**ASSIGNMENT**
Output the first line below and each one after it, exactly, up to and including the line holding "#10=(LENGTH_UNIT() NAMED_UNIT(*) SI_UNIT(.MILLI.,.METRE.));". Pictures should not be copied.

*** DATA ***

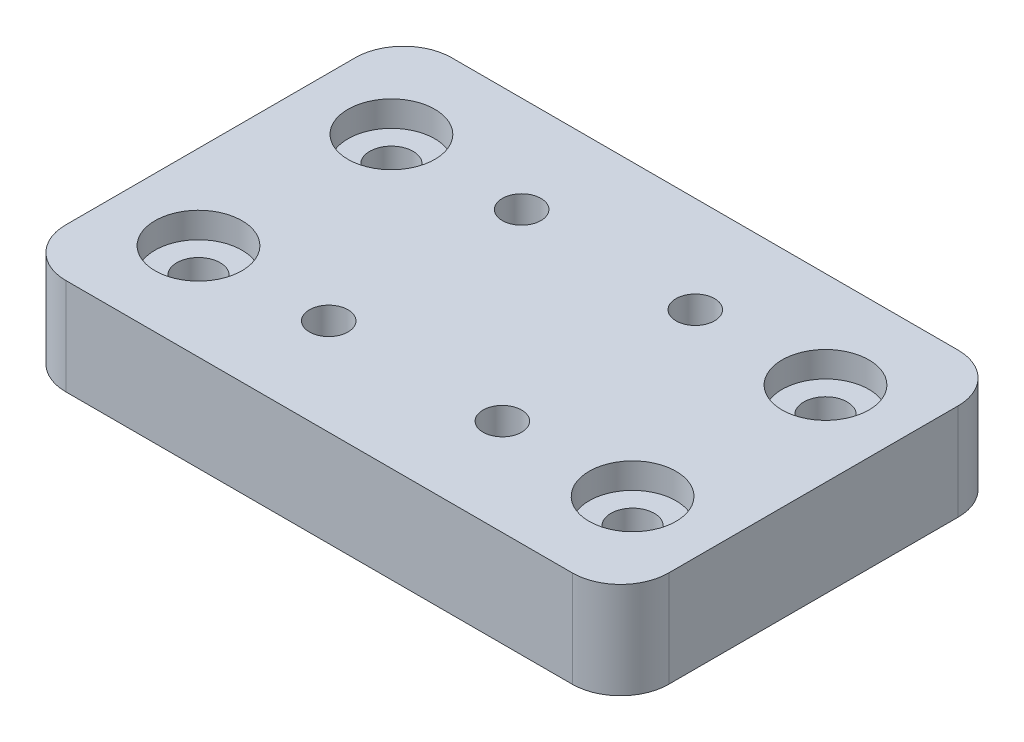
ISO-10303-21;
HEADER;
FILE_DESCRIPTION(('STEP AP214'),'2;1');
FILE_NAME('part.step','',(''),(''),'','','');
FILE_SCHEMA(('AUTOMOTIVE_DESIGN { 1 0 10303 214 1 1 1 1 }'));
ENDSEC;
DATA;
#1=APPLICATION_CONTEXT('core data for automotive mechanical design processes');
#2=APPLICATION_PROTOCOL_DEFINITION('international standard','automotive_design',2000,#1);
#3=PRODUCT_CONTEXT('',#1,'mechanical');
#4=PRODUCT('Part','Part','',(#3));
#5=PRODUCT_RELATED_PRODUCT_CATEGORY('part','',(#4));
#6=PRODUCT_DEFINITION_FORMATION('','',#4);
#7=PRODUCT_DEFINITION_CONTEXT('part definition',#1,'design');
#8=PRODUCT_DEFINITION('design','',#6,#7);
#9=PRODUCT_DEFINITION_SHAPE('','',#8);
#10=(LENGTH_UNIT() NAMED_UNIT(*) SI_UNIT(.MILLI.,.METRE.));
#11=(NAMED_UNIT(*) PLANE_ANGLE_UNIT() SI_UNIT($,.RADIAN.));
#12=(NAMED_UNIT(*) SI_UNIT($,.STERADIAN.) SOLID_ANGLE_UNIT());
#13=UNCERTAINTY_MEASURE_WITH_UNIT(LENGTH_MEASURE(1.E-05),#10,'distance_accuracy_value','');
#14=(GEOMETRIC_REPRESENTATION_CONTEXT(3) GLOBAL_UNCERTAINTY_ASSIGNED_CONTEXT((#13)) GLOBAL_UNIT_ASSIGNED_CONTEXT((#10,
#11,#12)) REPRESENTATION_CONTEXT('',''));
#15=CARTESIAN_POINT('',(0.,0.,0.));
#16=DIRECTION('',(0.,0.,1.));
#17=DIRECTION('',(1.,0.,0.));
#18=AXIS2_PLACEMENT_3D('',#15,#16,#17);
#19=CARTESIAN_POINT('',(-52.5,20.,30.));
#20=DIRECTION('',(0.,-1.,0.));
#21=DIRECTION('',(0.,0.,-1.));
#22=AXIS2_PLACEMENT_3D('',#19,#20,#21);
#23=CYLINDRICAL_SURFACE('',#22,10.);
#24=CARTESIAN_POINT('',(-52.5,0.,30.));
#25=DIRECTION('',(0.,1.,0.));
#26=DIRECTION('',(0.,0.,-1.));
#27=AXIS2_PLACEMENT_3D('',#24,#25,#26);
#28=CIRCLE('',#27,10.);
#29=CARTESIAN_POINT('',(-62.5,0.,29.9999999999999));
#30=VERTEX_POINT('',#29);
#31=CARTESIAN_POINT('',(-52.4999999999999,0.,40.));
#32=VERTEX_POINT('',#31);
#33=EDGE_CURVE('E145',#30,#32,#28,.T.);
#34=ORIENTED_EDGE('',*,*,#33,.T.);
#35=DIRECTION('',(0.,-1.,0.));
#36=VECTOR('',#35,1.);
#37=CARTESIAN_POINT('',(-52.4999999999999,20.,40.));
#38=LINE('',#37,#36);
#39=CARTESIAN_POINT('',(-52.4999999999999,20.,40.));
#40=VERTEX_POINT('',#39);
#41=EDGE_CURVE('E11',#40,#32,#38,.T.);
#42=ORIENTED_EDGE('',*,*,#41,.F.);
#43=CARTESIAN_POINT('',(-52.5,20.,30.));
#44=DIRECTION('',(0.,1.,0.));
#45=DIRECTION('',(0.,0.,-1.));
#46=AXIS2_PLACEMENT_3D('',#43,#44,#45);
#47=CIRCLE('',#46,10.);
#48=CARTESIAN_POINT('',(-62.5,20.,29.9999999999999));
#49=VERTEX_POINT('',#48);
#50=EDGE_CURVE('E168',#49,#40,#47,.T.);
#51=ORIENTED_EDGE('',*,*,#50,.F.);
#52=DIRECTION('',(0.,-1.,0.));
#53=VECTOR('',#52,1.);
#54=CARTESIAN_POINT('',(-62.5,20.,29.9999999999999));
#55=LINE('',#54,#53);
#56=EDGE_CURVE('E141',#49,#30,#55,.T.);
#57=ORIENTED_EDGE('',*,*,#56,.T.);
#58=EDGE_LOOP('',(#34,#42,#51,#57));
#59=FACE_BOUND('',#58,.T.);
#60=ADVANCED_FACE('F41',(#59),#23,.T.);
#61=CARTESIAN_POINT('',(-52.4999999999999,20.,40.));
#62=DIRECTION('',(0.,0.,-1.));
#63=DIRECTION('',(-1.,0.,0.));
#64=AXIS2_PLACEMENT_3D('',#61,#62,#63);
#65=PLANE('',#64);
#66=DIRECTION('',(1.,0.,0.));
#67=VECTOR('',#66,1.);
#68=CARTESIAN_POINT('',(-52.4999999999999,0.,40.));
#69=LINE('',#68,#67);
#70=CARTESIAN_POINT('',(52.4999999999999,0.,40.));
#71=VERTEX_POINT('',#70);
#72=EDGE_CURVE('E149',#32,#71,#69,.T.);
#73=ORIENTED_EDGE('',*,*,#72,.T.);
#74=DIRECTION('',(0.,-1.,0.));
#75=VECTOR('',#74,1.);
#76=CARTESIAN_POINT('',(52.4999999999999,20.,40.));
#77=LINE('',#76,#75);
#78=CARTESIAN_POINT('',(52.4999999999999,20.,40.));
#79=VERTEX_POINT('',#78);
#80=EDGE_CURVE('E50',#79,#71,#77,.T.);
#81=ORIENTED_EDGE('',*,*,#80,.F.);
#82=DIRECTION('',(1.,0.,0.));
#83=VECTOR('',#82,1.);
#84=CARTESIAN_POINT('',(-52.4999999999999,20.,40.));
#85=LINE('',#84,#83);
#86=EDGE_CURVE('E102',#40,#79,#85,.T.);
#87=ORIENTED_EDGE('',*,*,#86,.F.);
#88=ORIENTED_EDGE('',*,*,#41,.T.);
#89=EDGE_LOOP('',(#73,#81,#87,#88));
#90=FACE_BOUND('',#89,.T.);
#91=ADVANCED_FACE('F345',(#90),#65,.F.);
#92=CARTESIAN_POINT('',(52.5,20.,30.));
#93=DIRECTION('',(0.,-1.,0.));
#94=DIRECTION('',(0.,0.,-1.));
#95=AXIS2_PLACEMENT_3D('',#92,#93,#94);
#96=CYLINDRICAL_SURFACE('',#95,10.);
#97=CARTESIAN_POINT('',(52.5,0.,30.));
#98=DIRECTION('',(0.,1.,0.));
#99=DIRECTION('',(0.,0.,1.));
#100=AXIS2_PLACEMENT_3D('',#97,#98,#99);
#101=CIRCLE('',#100,10.);
#102=CARTESIAN_POINT('',(62.5,0.,29.9999999999999));
#103=VERTEX_POINT('',#102);
#104=EDGE_CURVE('E153',#71,#103,#101,.T.);
#105=ORIENTED_EDGE('',*,*,#104,.T.);
#106=DIRECTION('',(0.,-1.,0.));
#107=VECTOR('',#106,1.);
#108=CARTESIAN_POINT('',(62.5,20.,29.9999999999999));
#109=LINE('',#108,#107);
#110=CARTESIAN_POINT('',(62.5,20.,29.9999999999999));
#111=VERTEX_POINT('',#110);
#112=EDGE_CURVE('E179',#111,#103,#109,.T.);
#113=ORIENTED_EDGE('',*,*,#112,.F.);
#114=CARTESIAN_POINT('',(52.5,20.,30.));
#115=DIRECTION('',(0.,1.,0.));
#116=DIRECTION('',(0.,0.,1.));
#117=AXIS2_PLACEMENT_3D('',#114,#115,#116);
#118=CIRCLE('',#117,10.);
#119=EDGE_CURVE('E189',#79,#111,#118,.T.);
#120=ORIENTED_EDGE('',*,*,#119,.F.);
#121=ORIENTED_EDGE('',*,*,#80,.T.);
#122=EDGE_LOOP('',(#105,#113,#120,#121));
#123=FACE_BOUND('',#122,.T.);
#124=ADVANCED_FACE('F187',(#123),#96,.T.);
#125=CARTESIAN_POINT('',(62.5,20.,29.9999999999999));
#126=DIRECTION('',(-1.,0.,0.));
#127=DIRECTION('',(0.,0.,1.));
#128=AXIS2_PLACEMENT_3D('',#125,#126,#127);
#129=PLANE('',#128);
#130=DIRECTION('',(0.,0.,-1.));
#131=VECTOR('',#130,1.);
#132=CARTESIAN_POINT('',(62.5,0.,29.9999999999999));
#133=LINE('',#132,#131);
#134=CARTESIAN_POINT('',(62.5,0.,-29.9999999999999));
#135=VERTEX_POINT('',#134);
#136=EDGE_CURVE('E156',#103,#135,#133,.T.);
#137=ORIENTED_EDGE('',*,*,#136,.T.);
#138=DIRECTION('',(0.,-1.,0.));
#139=VECTOR('',#138,1.);
#140=CARTESIAN_POINT('',(62.5,20.,-29.9999999999999));
#141=LINE('',#140,#139);
#142=CARTESIAN_POINT('',(62.5,20.,-29.9999999999999));
#143=VERTEX_POINT('',#142);
#144=EDGE_CURVE('E175',#143,#135,#141,.T.);
#145=ORIENTED_EDGE('',*,*,#144,.F.);
#146=DIRECTION('',(0.,0.,-1.));
#147=VECTOR('',#146,1.);
#148=CARTESIAN_POINT('',(62.5,20.,29.9999999999999));
#149=LINE('',#148,#147);
#150=EDGE_CURVE('E202',#111,#143,#149,.T.);
#151=ORIENTED_EDGE('',*,*,#150,.F.);
#152=ORIENTED_EDGE('',*,*,#112,.T.);
#153=EDGE_LOOP('',(#137,#145,#151,#152));
#154=FACE_BOUND('',#153,.T.);
#155=ADVANCED_FACE('F197',(#154),#129,.F.);
#156=CARTESIAN_POINT('',(52.5,20.,-30.));
#157=DIRECTION('',(0.,-1.,0.));
#158=DIRECTION('',(0.,0.,-1.));
#159=AXIS2_PLACEMENT_3D('',#156,#157,#158);
#160=CYLINDRICAL_SURFACE('',#159,10.);
#161=CARTESIAN_POINT('',(52.5,0.,-30.));
#162=DIRECTION('',(0.,1.,0.));
#163=DIRECTION('',(0.,0.,-1.));
#164=AXIS2_PLACEMENT_3D('',#161,#162,#163);
#165=CIRCLE('',#164,10.);
#166=CARTESIAN_POINT('',(52.4999999999999,0.,-40.));
#167=VERTEX_POINT('',#166);
#168=EDGE_CURVE('E159',#135,#167,#165,.T.);
#169=ORIENTED_EDGE('',*,*,#168,.T.);
#170=DIRECTION('',(0.,-1.,0.));
#171=VECTOR('',#170,1.);
#172=CARTESIAN_POINT('',(52.4999999999999,20.,-40.));
#173=LINE('',#172,#171);
#174=CARTESIAN_POINT('',(52.4999999999999,20.,-40.));
#175=VERTEX_POINT('',#174);
#176=EDGE_CURVE('E134',#175,#167,#173,.T.);
#177=ORIENTED_EDGE('',*,*,#176,.F.);
#178=CARTESIAN_POINT('',(52.5,20.,-30.));
#179=DIRECTION('',(0.,1.,0.));
#180=DIRECTION('',(0.,0.,-1.));
#181=AXIS2_PLACEMENT_3D('',#178,#179,#180);
#182=CIRCLE('',#181,10.);
#183=EDGE_CURVE('E123',#143,#175,#182,.T.);
#184=ORIENTED_EDGE('',*,*,#183,.F.);
#185=ORIENTED_EDGE('',*,*,#144,.T.);
#186=EDGE_LOOP('',(#169,#177,#184,#185));
#187=FACE_BOUND('',#186,.T.);
#188=ADVANCED_FACE('F200',(#187),#160,.T.);
#189=CARTESIAN_POINT('',(-52.4999999999999,20.,-40.));
#190=DIRECTION('',(0.,0.,1.));
#191=DIRECTION('',(1.,0.,0.));
#192=AXIS2_PLACEMENT_3D('',#189,#190,#191);
#193=PLANE('',#192);
#194=DIRECTION('',(-1.,0.,0.));
#195=VECTOR('',#194,1.);
#196=CARTESIAN_POINT('',(-52.4999999999999,0.,-40.));
#197=LINE('',#196,#195);
#198=CARTESIAN_POINT('',(-52.4999999999999,0.,-40.));
#199=VERTEX_POINT('',#198);
#200=EDGE_CURVE('E132',#167,#199,#197,.T.);
#201=ORIENTED_EDGE('',*,*,#200,.T.);
#202=DIRECTION('',(0.,-1.,0.));
#203=VECTOR('',#202,1.);
#204=CARTESIAN_POINT('',(-52.4999999999999,20.,-40.));
#205=LINE('',#204,#203);
#206=CARTESIAN_POINT('',(-52.4999999999999,20.,-40.));
#207=VERTEX_POINT('',#206);
#208=EDGE_CURVE('E129',#207,#199,#205,.T.);
#209=ORIENTED_EDGE('',*,*,#208,.F.);
#210=DIRECTION('',(-1.,0.,0.));
#211=VECTOR('',#210,1.);
#212=CARTESIAN_POINT('',(-52.4999999999999,20.,-40.));
#213=LINE('',#212,#211);
#214=EDGE_CURVE('E117',#175,#207,#213,.T.);
#215=ORIENTED_EDGE('',*,*,#214,.F.);
#216=ORIENTED_EDGE('',*,*,#176,.T.);
#217=EDGE_LOOP('',(#201,#209,#215,#216));
#218=FACE_BOUND('',#217,.T.);
#219=ADVANCED_FACE('F130',(#218),#193,.F.);
#220=CARTESIAN_POINT('',(-52.5,20.,-30.));
#221=DIRECTION('',(0.,-1.,0.));
#222=DIRECTION('',(0.,0.,-1.));
#223=AXIS2_PLACEMENT_3D('',#220,#221,#222);
#224=CYLINDRICAL_SURFACE('',#223,10.);
#225=CARTESIAN_POINT('',(-52.5,0.,-30.));
#226=DIRECTION('',(0.,1.,0.));
#227=DIRECTION('',(0.,0.,-1.));
#228=AXIS2_PLACEMENT_3D('',#225,#226,#227);
#229=CIRCLE('',#228,10.);
#230=CARTESIAN_POINT('',(-62.5,0.,-29.9999999999999));
#231=VERTEX_POINT('',#230);
#232=EDGE_CURVE('E88',#199,#231,#229,.T.);
#233=ORIENTED_EDGE('',*,*,#232,.T.);
#234=DIRECTION('',(0.,-1.,0.));
#235=VECTOR('',#234,1.);
#236=CARTESIAN_POINT('',(-62.5,20.,-29.9999999999999));
#237=LINE('',#236,#235);
#238=CARTESIAN_POINT('',(-62.5,20.,-29.9999999999999));
#239=VERTEX_POINT('',#238);
#240=EDGE_CURVE('E135',#239,#231,#237,.T.);
#241=ORIENTED_EDGE('',*,*,#240,.F.);
#242=CARTESIAN_POINT('',(-52.5,20.,-30.));
#243=DIRECTION('',(0.,1.,0.));
#244=DIRECTION('',(0.,0.,-1.));
#245=AXIS2_PLACEMENT_3D('',#242,#243,#244);
#246=CIRCLE('',#245,10.);
#247=EDGE_CURVE('E121',#207,#239,#246,.T.);
#248=ORIENTED_EDGE('',*,*,#247,.F.);
#249=ORIENTED_EDGE('',*,*,#208,.T.);
#250=EDGE_LOOP('',(#233,#241,#248,#249));
#251=FACE_BOUND('',#250,.T.);
#252=ADVANCED_FACE('F137',(#251),#224,.T.);
#253=CARTESIAN_POINT('',(-62.5,20.,29.9999999999999));
#254=DIRECTION('',(1.,0.,0.));
#255=DIRECTION('',(0.,0.,-1.));
#256=AXIS2_PLACEMENT_3D('',#253,#254,#255);
#257=PLANE('',#256);
#258=DIRECTION('',(0.,0.,1.));
#259=VECTOR('',#258,1.);
#260=CARTESIAN_POINT('',(-62.5,0.,29.9999999999999));
#261=LINE('',#260,#259);
#262=EDGE_CURVE('E94',#231,#30,#261,.T.);
#263=ORIENTED_EDGE('',*,*,#262,.T.);
#264=ORIENTED_EDGE('',*,*,#56,.F.);
#265=DIRECTION('',(0.,0.,1.));
#266=VECTOR('',#265,1.);
#267=CARTESIAN_POINT('',(-62.5,20.,29.9999999999999));
#268=LINE('',#267,#266);
#269=EDGE_CURVE('E58',#239,#49,#268,.T.);
#270=ORIENTED_EDGE('',*,*,#269,.F.);
#271=ORIENTED_EDGE('',*,*,#240,.T.);
#272=EDGE_LOOP('',(#263,#264,#270,#271));
#273=FACE_BOUND('',#272,.T.);
#274=ADVANCED_FACE('F312',(#273),#257,.F.);
#275=CARTESIAN_POINT('',(-52.5,20.,30.));
#276=DIRECTION('',(0.,-1.,0.));
#277=DIRECTION('',(0.,0.,-1.));
#278=AXIS2_PLACEMENT_3D('',#275,#276,#277);
#279=PLANE('',#278);
#280=CARTESIAN_POINT('',(-45.,20.,-20.));
#281=DIRECTION('',(0.,1.,0.));
#282=DIRECTION('',(0.,0.,1.));
#283=AXIS2_PLACEMENT_3D('',#280,#281,#282);
#284=CIRCLE('',#283,9.00549999999999);
#285=CARTESIAN_POINT('',(-45.,20.,-10.9945));
#286=VERTEX_POINT('',#285);
#287=EDGE_CURVE('E303',#286,#286,#284,.T.);
#288=ORIENTED_EDGE('',*,*,#287,.F.);
#289=EDGE_LOOP('',(#288));
#290=FACE_BOUND('',#289,.T.);
#291=CARTESIAN_POINT('',(-45.,20.,20.));
#292=DIRECTION('',(0.,1.,0.));
#293=DIRECTION('',(0.,0.,1.));
#294=AXIS2_PLACEMENT_3D('',#291,#292,#293);
#295=CIRCLE('',#294,9.00549999999999);
#296=CARTESIAN_POINT('',(-45.,20.,29.0055));
#297=VERTEX_POINT('',#296);
#298=EDGE_CURVE('E287',#297,#297,#295,.T.);
#299=ORIENTED_EDGE('',*,*,#298,.F.);
#300=EDGE_LOOP('',(#299));
#301=FACE_BOUND('',#300,.T.);
#302=CARTESIAN_POINT('',(45.,20.,20.));
#303=DIRECTION('',(0.,1.,0.));
#304=DIRECTION('',(0.,0.,1.));
#305=AXIS2_PLACEMENT_3D('',#302,#303,#304);
#306=CIRCLE('',#305,9.00549999999999);
#307=CARTESIAN_POINT('',(45.,20.,29.0055));
#308=VERTEX_POINT('',#307);
#309=EDGE_CURVE('E271',#308,#308,#306,.T.);
#310=ORIENTED_EDGE('',*,*,#309,.F.);
#311=EDGE_LOOP('',(#310));
#312=FACE_BOUND('',#311,.T.);
#313=CARTESIAN_POINT('',(45.,20.,-20.));
#314=DIRECTION('',(0.,1.,0.));
#315=DIRECTION('',(0.,0.,1.));
#316=AXIS2_PLACEMENT_3D('',#313,#314,#315);
#317=CIRCLE('',#316,9.00549999999999);
#318=CARTESIAN_POINT('',(45.,20.,-10.9945));
#319=VERTEX_POINT('',#318);
#320=EDGE_CURVE('E255',#319,#319,#317,.T.);
#321=ORIENTED_EDGE('',*,*,#320,.F.);
#322=EDGE_LOOP('',(#321));
#323=FACE_BOUND('',#322,.T.);
#324=CARTESIAN_POINT('',(-18.,20.,20.));
#325=DIRECTION('',(0.,1.,0.));
#326=DIRECTION('',(0.,0.,1.));
#327=AXIS2_PLACEMENT_3D('',#324,#325,#326);
#328=CIRCLE('',#327,4.);
#329=CARTESIAN_POINT('',(-18.,20.,24.));
#330=VERTEX_POINT('',#329);
#331=EDGE_CURVE('E239',#330,#330,#328,.T.);
#332=ORIENTED_EDGE('',*,*,#331,.F.);
#333=EDGE_LOOP('',(#332));
#334=FACE_BOUND('',#333,.T.);
#335=CARTESIAN_POINT('',(18.,20.,20.));
#336=DIRECTION('',(0.,1.,0.));
#337=DIRECTION('',(0.,0.,1.));
#338=AXIS2_PLACEMENT_3D('',#335,#336,#337);
#339=CIRCLE('',#338,4.);
#340=CARTESIAN_POINT('',(18.,20.,24.));
#341=VERTEX_POINT('',#340);
#342=EDGE_CURVE('E231',#341,#341,#339,.T.);
#343=ORIENTED_EDGE('',*,*,#342,.F.);
#344=EDGE_LOOP('',(#343));
#345=FACE_BOUND('',#344,.T.);
#346=CARTESIAN_POINT('',(18.,20.,-20.));
#347=DIRECTION('',(0.,1.,0.));
#348=DIRECTION('',(0.,0.,1.));
#349=AXIS2_PLACEMENT_3D('',#346,#347,#348);
#350=CIRCLE('',#349,4.);
#351=CARTESIAN_POINT('',(18.,20.,-16.));
#352=VERTEX_POINT('',#351);
#353=EDGE_CURVE('E223',#352,#352,#350,.T.);
#354=ORIENTED_EDGE('',*,*,#353,.F.);
#355=EDGE_LOOP('',(#354));
#356=FACE_BOUND('',#355,.T.);
#357=CARTESIAN_POINT('',(-18.,20.,-20.));
#358=DIRECTION('',(0.,1.,0.));
#359=DIRECTION('',(0.,0.,1.));
#360=AXIS2_PLACEMENT_3D('',#357,#358,#359);
#361=CIRCLE('',#360,4.);
#362=CARTESIAN_POINT('',(-18.,20.,-16.));
#363=VERTEX_POINT('',#362);
#364=EDGE_CURVE('E215',#363,#363,#361,.T.);
#365=ORIENTED_EDGE('',*,*,#364,.F.);
#366=EDGE_LOOP('',(#365));
#367=FACE_BOUND('',#366,.T.);
#368=ORIENTED_EDGE('',*,*,#50,.T.);
#369=ORIENTED_EDGE('',*,*,#86,.T.);
#370=ORIENTED_EDGE('',*,*,#119,.T.);
#371=ORIENTED_EDGE('',*,*,#150,.T.);
#372=ORIENTED_EDGE('',*,*,#183,.T.);
#373=ORIENTED_EDGE('',*,*,#214,.T.);
#374=ORIENTED_EDGE('',*,*,#247,.T.);
#375=ORIENTED_EDGE('',*,*,#269,.T.);
#376=EDGE_LOOP('',(#368,#369,#370,#371,#372,#373,#374,#375));
#377=FACE_BOUND('',#376,.T.);
#378=ADVANCED_FACE('F119',(#290,#301,#312,#323,#334,#345,#356,#367,#377),#279,.F.);
#379=CARTESIAN_POINT('',(-52.5,0.,30.));
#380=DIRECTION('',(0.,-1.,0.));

*** End of DATA ***

**RESULT**
ISO-10303-21;
HEADER;
FILE_DESCRIPTION(('STEP AP214'),'2;1');
FILE_NAME('part.step','',(''),(''),'','','');
FILE_SCHEMA(('AUTOMOTIVE_DESIGN { 1 0 10303 214 1 1 1 1 }'));
ENDSEC;
DATA;
#1=APPLICATION_CONTEXT('core data for automotive mechanical design processes');
#2=APPLICATION_PROTOCOL_DEFINITION('international standard','automotive_design',2000,#1);
#3=PRODUCT_CONTEXT('',#1,'mechanical');
#4=PRODUCT('Part','Part','',(#3));
#5=PRODUCT_RELATED_PRODUCT_CATEGORY('part','',(#4));
#6=PRODUCT_DEFINITION_FORMATION('','',#4);
#7=PRODUCT_DEFINITION_CONTEXT('part definition',#1,'design');
#8=PRODUCT_DEFINITION('design','',#6,#7);
#9=PRODUCT_DEFINITION_SHAPE('','',#8);
#10=(LENGTH_UNIT() NAMED_UNIT(*) SI_UNIT(.MILLI.,.METRE.));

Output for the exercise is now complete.